*** Supplied records Section Begins ***
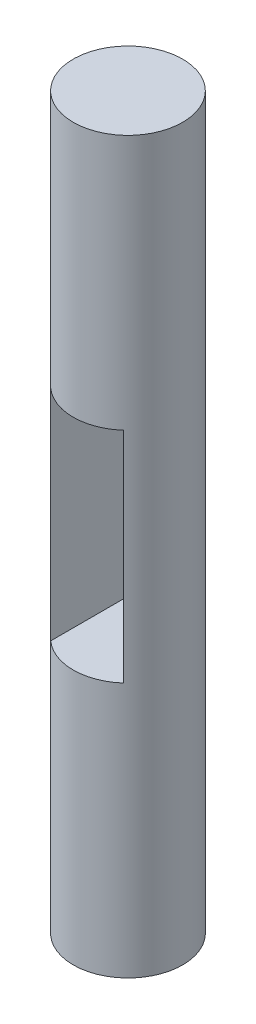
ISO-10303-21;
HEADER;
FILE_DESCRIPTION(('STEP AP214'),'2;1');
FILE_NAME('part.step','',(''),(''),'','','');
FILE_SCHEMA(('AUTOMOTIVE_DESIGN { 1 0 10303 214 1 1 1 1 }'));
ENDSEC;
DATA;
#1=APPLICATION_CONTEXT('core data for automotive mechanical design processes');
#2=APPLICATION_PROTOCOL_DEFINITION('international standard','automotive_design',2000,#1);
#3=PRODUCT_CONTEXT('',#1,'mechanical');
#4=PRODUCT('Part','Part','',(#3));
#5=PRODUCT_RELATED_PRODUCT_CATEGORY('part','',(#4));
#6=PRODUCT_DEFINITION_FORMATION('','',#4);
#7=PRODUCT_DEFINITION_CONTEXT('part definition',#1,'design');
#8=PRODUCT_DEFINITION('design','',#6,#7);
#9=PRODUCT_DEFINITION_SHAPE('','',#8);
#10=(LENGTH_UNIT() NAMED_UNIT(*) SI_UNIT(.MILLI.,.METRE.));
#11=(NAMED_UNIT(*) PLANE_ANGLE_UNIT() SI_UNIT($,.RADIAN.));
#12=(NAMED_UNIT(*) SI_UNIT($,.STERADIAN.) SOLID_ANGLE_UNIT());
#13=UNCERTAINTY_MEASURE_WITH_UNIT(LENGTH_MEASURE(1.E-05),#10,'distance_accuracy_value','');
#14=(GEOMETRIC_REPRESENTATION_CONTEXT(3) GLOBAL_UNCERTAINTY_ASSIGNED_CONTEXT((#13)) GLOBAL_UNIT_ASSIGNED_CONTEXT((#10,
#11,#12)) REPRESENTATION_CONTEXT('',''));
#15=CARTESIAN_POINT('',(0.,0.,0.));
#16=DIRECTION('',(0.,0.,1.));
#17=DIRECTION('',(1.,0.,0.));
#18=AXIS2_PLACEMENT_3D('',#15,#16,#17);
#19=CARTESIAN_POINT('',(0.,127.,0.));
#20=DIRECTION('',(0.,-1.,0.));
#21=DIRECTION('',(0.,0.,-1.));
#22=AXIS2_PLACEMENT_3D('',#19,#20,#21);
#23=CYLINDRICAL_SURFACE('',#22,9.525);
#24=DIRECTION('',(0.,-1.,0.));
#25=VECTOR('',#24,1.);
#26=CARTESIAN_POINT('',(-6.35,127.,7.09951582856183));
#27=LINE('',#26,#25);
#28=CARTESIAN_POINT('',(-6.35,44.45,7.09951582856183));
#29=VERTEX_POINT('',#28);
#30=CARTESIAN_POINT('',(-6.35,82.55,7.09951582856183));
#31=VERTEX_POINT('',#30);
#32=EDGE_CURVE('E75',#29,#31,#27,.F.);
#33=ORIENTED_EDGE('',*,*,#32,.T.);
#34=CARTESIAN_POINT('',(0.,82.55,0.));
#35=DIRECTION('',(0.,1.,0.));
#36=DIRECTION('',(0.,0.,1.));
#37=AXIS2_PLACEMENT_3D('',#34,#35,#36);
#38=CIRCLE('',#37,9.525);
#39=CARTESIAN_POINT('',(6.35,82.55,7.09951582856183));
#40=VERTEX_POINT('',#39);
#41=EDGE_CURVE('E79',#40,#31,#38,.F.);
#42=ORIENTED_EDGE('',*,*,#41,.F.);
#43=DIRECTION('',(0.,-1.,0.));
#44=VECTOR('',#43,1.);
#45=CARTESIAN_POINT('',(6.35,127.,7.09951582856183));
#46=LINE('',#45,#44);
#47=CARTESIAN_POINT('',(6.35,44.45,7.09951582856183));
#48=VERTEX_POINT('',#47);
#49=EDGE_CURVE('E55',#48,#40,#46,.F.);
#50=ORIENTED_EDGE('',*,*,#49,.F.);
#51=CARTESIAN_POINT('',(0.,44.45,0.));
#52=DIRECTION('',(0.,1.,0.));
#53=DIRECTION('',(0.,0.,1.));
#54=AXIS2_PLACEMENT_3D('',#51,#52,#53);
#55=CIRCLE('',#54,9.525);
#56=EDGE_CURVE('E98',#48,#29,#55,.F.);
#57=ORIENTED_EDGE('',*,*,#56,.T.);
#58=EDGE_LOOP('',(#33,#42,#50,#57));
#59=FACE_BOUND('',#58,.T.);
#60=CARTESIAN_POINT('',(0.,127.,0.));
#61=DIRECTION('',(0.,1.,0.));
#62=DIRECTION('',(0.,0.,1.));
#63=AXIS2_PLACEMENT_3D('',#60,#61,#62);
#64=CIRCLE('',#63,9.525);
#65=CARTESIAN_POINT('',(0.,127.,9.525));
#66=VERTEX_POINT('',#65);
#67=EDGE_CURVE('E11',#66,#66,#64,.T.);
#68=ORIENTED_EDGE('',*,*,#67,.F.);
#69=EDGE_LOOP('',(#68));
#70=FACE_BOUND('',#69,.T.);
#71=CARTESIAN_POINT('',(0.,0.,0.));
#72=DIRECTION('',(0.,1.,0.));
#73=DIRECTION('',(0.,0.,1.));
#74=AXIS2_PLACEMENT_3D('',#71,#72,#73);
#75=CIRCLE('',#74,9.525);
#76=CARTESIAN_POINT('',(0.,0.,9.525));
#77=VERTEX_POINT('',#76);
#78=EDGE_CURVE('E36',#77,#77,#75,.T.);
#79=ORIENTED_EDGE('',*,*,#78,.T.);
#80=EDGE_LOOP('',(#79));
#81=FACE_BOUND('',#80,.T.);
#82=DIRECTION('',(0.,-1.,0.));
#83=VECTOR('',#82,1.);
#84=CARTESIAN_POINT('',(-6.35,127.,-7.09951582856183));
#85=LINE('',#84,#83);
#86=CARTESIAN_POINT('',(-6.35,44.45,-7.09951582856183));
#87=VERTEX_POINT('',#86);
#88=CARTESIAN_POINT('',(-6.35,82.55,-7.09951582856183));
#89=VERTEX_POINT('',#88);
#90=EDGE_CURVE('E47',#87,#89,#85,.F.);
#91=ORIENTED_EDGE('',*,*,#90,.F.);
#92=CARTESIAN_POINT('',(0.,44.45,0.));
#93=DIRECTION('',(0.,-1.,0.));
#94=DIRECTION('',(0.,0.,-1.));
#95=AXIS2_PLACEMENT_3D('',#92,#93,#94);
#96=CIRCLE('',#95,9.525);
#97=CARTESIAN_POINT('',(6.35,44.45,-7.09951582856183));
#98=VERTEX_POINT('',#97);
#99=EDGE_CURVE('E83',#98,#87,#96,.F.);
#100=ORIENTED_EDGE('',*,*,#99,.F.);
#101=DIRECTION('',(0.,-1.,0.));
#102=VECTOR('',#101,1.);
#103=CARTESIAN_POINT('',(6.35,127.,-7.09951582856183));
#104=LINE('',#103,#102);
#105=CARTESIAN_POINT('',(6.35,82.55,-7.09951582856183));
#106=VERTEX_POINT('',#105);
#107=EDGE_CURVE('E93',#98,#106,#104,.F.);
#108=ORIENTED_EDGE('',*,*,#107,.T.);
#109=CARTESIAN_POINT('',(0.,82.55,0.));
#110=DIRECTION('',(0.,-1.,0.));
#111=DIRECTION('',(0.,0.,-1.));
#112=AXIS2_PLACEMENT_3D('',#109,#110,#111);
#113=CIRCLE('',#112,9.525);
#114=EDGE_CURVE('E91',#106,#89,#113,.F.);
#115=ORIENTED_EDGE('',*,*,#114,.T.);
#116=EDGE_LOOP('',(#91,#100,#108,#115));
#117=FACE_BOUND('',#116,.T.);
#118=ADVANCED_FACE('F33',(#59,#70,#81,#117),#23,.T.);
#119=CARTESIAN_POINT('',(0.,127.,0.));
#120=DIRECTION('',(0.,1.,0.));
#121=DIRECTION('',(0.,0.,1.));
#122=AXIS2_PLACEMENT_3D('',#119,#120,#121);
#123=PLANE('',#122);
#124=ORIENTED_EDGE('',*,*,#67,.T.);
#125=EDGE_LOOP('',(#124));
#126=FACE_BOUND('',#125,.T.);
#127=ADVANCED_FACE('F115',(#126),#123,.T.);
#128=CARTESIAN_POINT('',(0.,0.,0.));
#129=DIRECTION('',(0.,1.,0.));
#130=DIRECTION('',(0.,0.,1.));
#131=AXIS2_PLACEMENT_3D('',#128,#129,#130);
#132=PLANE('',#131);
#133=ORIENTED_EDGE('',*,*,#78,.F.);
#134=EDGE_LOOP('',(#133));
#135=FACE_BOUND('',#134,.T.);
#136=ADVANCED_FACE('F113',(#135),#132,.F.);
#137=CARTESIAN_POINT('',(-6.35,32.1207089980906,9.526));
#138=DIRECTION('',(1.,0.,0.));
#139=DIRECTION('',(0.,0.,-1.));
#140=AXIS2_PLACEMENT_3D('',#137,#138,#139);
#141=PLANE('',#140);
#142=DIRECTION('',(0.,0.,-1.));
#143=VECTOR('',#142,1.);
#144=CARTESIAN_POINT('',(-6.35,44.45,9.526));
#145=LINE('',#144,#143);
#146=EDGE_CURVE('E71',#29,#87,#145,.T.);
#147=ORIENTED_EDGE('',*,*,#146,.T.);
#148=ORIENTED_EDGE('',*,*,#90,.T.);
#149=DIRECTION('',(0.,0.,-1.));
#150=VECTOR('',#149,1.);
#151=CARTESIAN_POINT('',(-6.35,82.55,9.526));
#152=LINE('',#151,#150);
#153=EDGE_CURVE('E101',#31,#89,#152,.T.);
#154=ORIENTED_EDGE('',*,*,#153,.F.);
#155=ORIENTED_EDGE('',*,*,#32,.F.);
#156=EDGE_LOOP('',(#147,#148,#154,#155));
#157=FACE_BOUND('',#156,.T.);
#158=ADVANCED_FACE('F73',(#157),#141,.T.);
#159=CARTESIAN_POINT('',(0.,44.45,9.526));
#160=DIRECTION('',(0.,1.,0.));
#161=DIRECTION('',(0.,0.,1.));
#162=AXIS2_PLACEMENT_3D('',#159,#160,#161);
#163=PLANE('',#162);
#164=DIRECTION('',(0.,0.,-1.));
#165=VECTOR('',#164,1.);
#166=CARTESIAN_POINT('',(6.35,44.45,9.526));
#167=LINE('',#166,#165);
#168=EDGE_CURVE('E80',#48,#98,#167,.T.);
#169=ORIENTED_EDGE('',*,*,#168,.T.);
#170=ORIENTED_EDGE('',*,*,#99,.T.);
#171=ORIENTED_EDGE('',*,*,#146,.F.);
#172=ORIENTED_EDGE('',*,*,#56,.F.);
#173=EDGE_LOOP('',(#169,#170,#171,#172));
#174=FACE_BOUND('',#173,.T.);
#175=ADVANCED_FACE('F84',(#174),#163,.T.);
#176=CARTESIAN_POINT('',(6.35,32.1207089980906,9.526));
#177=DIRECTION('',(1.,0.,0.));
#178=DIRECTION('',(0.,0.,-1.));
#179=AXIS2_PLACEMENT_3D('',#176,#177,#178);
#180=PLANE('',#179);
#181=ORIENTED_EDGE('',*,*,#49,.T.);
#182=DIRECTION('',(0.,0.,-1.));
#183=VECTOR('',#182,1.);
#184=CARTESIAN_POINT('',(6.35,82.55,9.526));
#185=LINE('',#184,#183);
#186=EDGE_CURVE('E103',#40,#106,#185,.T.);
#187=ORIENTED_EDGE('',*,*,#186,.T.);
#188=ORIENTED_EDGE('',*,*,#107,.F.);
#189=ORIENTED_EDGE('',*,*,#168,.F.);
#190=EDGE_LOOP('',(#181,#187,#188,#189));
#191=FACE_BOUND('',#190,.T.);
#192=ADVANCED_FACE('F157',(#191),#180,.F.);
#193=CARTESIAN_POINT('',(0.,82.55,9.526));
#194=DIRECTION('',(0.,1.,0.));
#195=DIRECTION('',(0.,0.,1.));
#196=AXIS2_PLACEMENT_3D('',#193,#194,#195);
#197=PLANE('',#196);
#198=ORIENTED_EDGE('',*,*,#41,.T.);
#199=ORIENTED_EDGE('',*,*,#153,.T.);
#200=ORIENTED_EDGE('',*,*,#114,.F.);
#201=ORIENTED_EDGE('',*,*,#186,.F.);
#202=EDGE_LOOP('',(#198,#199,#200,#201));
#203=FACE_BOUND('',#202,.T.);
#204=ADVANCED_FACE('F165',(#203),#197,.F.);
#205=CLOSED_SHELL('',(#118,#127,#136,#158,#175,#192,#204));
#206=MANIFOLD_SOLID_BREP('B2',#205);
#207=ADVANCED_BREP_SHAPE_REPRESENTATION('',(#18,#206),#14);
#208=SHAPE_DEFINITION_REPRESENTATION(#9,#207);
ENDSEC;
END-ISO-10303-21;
*** Supplied records Section Ends ***
Please output exactly the lines between the one holding "#142=DIRECTION('',(0.,0.,-1.));" and the one holding "#150=VECTOR('',#149,1.);" in the records above, inclusive, and nothing more.

#142=DIRECTION('',(0.,0.,-1.));
#143=VECTOR('',#142,1.);
#144=CARTESIAN_POINT('',(-6.35,44.45,9.526));
#145=LINE('',#144,#143);
#146=EDGE_CURVE('E71',#29,#87,#145,.T.);
#147=ORIENTED_EDGE('',*,*,#146,.T.);
#148=ORIENTED_EDGE('',*,*,#90,.T.);
#149=DIRECTION('',(0.,0.,-1.));
#150=VECTOR('',#149,1.);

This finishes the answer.